# Are ceramic caves safe? Or "cichlid stones"?



## LakotaWolf (Mar 20, 2010)

Hi everyone,

I've kept fish before (I currently have a group of neon tetras) but this is the first time I'll be keeping a betta. I've purchased an 8 gallon aquarium and I plan on planting it with some live plants, as I use those in my tetras' aquarium and I love having live plants.

However, I've read that bettas require some "hiding places", so I plan on getting a couple of caves for my future betta.

Are ceramic decorations safe for fish? I've read conflicting reports on this so I'm wary of buying a ceramic cave.

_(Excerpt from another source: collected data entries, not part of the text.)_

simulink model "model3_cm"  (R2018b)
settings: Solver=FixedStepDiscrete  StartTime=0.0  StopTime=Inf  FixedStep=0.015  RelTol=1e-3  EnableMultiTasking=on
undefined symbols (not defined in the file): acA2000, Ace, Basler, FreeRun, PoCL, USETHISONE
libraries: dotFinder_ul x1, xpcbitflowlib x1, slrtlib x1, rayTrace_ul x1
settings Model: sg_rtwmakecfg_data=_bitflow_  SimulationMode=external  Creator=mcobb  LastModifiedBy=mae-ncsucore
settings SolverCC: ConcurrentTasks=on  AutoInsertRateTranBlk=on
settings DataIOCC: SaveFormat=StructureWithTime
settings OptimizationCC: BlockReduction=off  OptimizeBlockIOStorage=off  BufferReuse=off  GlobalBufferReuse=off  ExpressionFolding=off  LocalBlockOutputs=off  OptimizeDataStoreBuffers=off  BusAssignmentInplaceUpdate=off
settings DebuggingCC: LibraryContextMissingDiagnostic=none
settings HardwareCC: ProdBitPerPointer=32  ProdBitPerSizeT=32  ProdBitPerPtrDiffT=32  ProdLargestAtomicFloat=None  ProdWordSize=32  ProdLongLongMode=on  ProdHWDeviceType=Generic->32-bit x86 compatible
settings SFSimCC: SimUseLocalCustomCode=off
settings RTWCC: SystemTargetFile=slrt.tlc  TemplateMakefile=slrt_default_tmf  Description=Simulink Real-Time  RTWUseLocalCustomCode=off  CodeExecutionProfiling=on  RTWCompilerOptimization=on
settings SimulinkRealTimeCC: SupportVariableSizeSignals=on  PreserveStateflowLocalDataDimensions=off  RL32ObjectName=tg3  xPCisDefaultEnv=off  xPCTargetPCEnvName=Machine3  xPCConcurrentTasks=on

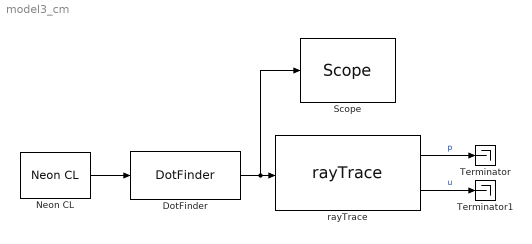
== system model3_cm ==
  DotFinder : dotFinder_ul/DotFinder  ROIPositionHoldEnable=off  ROIPositionHoldCoordinates=[650 1250]  ROIDimVec_px=[40 100]  ImageDimensions=[1000 2000]
  "Neon CL " : xpcbitflowlib/Neon CL   camerapath=Basler-Ace-acA2000-340km-E2-PoCL-FreeRun-USETHISONE.r64  r64=CAMERA  sampletime=0.015  slot=-1  make=Basler  model=acA2000-340km  mode=8 bit, 2 tap, 2048x1088, Free Run  owner=BitFlow  revision=1  modelcomp=0  revcomp=0  aqtimeout=4096  format=1  flashmux=Mux_2TOEP  flashdcc=DCC  pixbitdepth=8  xsize=2048  ysize=1088  xstart=0  ystart=0  dx=2048  dy=1088  expmod="[1  0]"  config="[4294967295         128;4294967295           0;4294967295           0;4294967295           0;4294967295           0;4294967295           0;4294967295      262144;4294967295           0;4294967295           0;4294967295           0;4294967295        1024;4294967295           0;4294967295           0;4294967295  4294967295;4294967295           0;4294967295           0;4294967295           0;4294967295      737280;4294967295        1088;4294967295           0;4294967295           0;4294967295           0;4294967295           0;4294967295           0;4294967295           0;4294967295           0;4294967295        7372;4294967295           0]"  ctab="[4      0     16      1   4112      2     16  32768      0]"  qtabmodel="[1   2048  65536]"  trigmode=0  baud=1  bytewidth=4  parity=1  stopbits=1  command="\"\""  response=0  comments=|
      | Free Run Mode / CC Trigger Mode
      | 
      | CC Trigger can be adjusted via GPV0 in CTAB
      | 
      | To use CC Trigger, camera must set to CC Trigger Mode.
      settings: SourceProductName=Simulink Real-Time: Speedgoat I/O Driver Library
  "Scope " : slrtlib/Displays and Logging/Scope   scopeno=1  scopetype=Target  autostart=on  viewmode=Numerical  formatstr='%15.6f'  grid=on  ylimits=[0,0]  nosamples=250  noprepostsamples=0  interleave=1  triggermode=FreeRun  triggersignal=1  trigsignalfromport=off  triggerlevel=0.0  triggerslope=Either  triggerscope=1  triggersample=0  filename=data.dat  mode=Lazy  writesize=512  autorestart=off  dynamicfilemode=off  maxwritefilesize=512*1024^2
  Terminator : Terminator
  Terminator1 : Terminator
  rayTrace : rayTrace_ul/rayTrace  camPosVec_cm=[1 1 1]  camEulAngles_deg=[0 0 0]  dist2Glass_cm=0  indOfRefVec=[0 0 0]  glassPlane=0  glassThickness_cm=0  imageDimsVec_px=[1000 2000]  camFOV_deg=[20 20]  Periscope=1
  wires:
  "Neon CL "/1 -> DotFinder/1
  DotFinder/1 -> "Scope "/1, rayTrace/1
  rayTrace/1 -> Terminator/1  "p"
  rayTrace/2 -> Terminator1/1  "u"

What about "cichlid stones" like these?:

http://www.aquariumfish.net/information/cichlid_stones.htm

Thank you!


----------



## Here Fishy Fishy Fishy (Oct 29, 2010)

LakotaWolf, 

I had been looking at ceramics, because I was alarmed by the number of roughly finished plastic sculptures I ran across in stores. When shopping for these, I would feel them inside and out; some of the sculptures that felt ok on the outside were razor sharp on the inside! And these were ornaments the fish were meant to swim through. 

I did find suitable plastic oranaments, but had looked at the ceramics and read reviews online. Modern ceramics should have glazes that are perfectly safe for fish. The drawback (from the reviews I read, not personal experiance) is that they don't seem to ship well... but to be perfectly fair, I've had other ornaments fall apart in my hands that weren't ceramic!

It's been my experiance that the bettas in my sorority really don't seem to spend much time hiding... they are busy swimming about, looking for fun or trouble. At nighttime, they all find places to sleep in the weeds. The cory cats are the only fish currently who use caves in the sorority tank.

Soooo... I don't think the ceramic caves are a bad idea, but behavoir-wise, I'm not sure that bettas use caves as frequently as other fish.


----------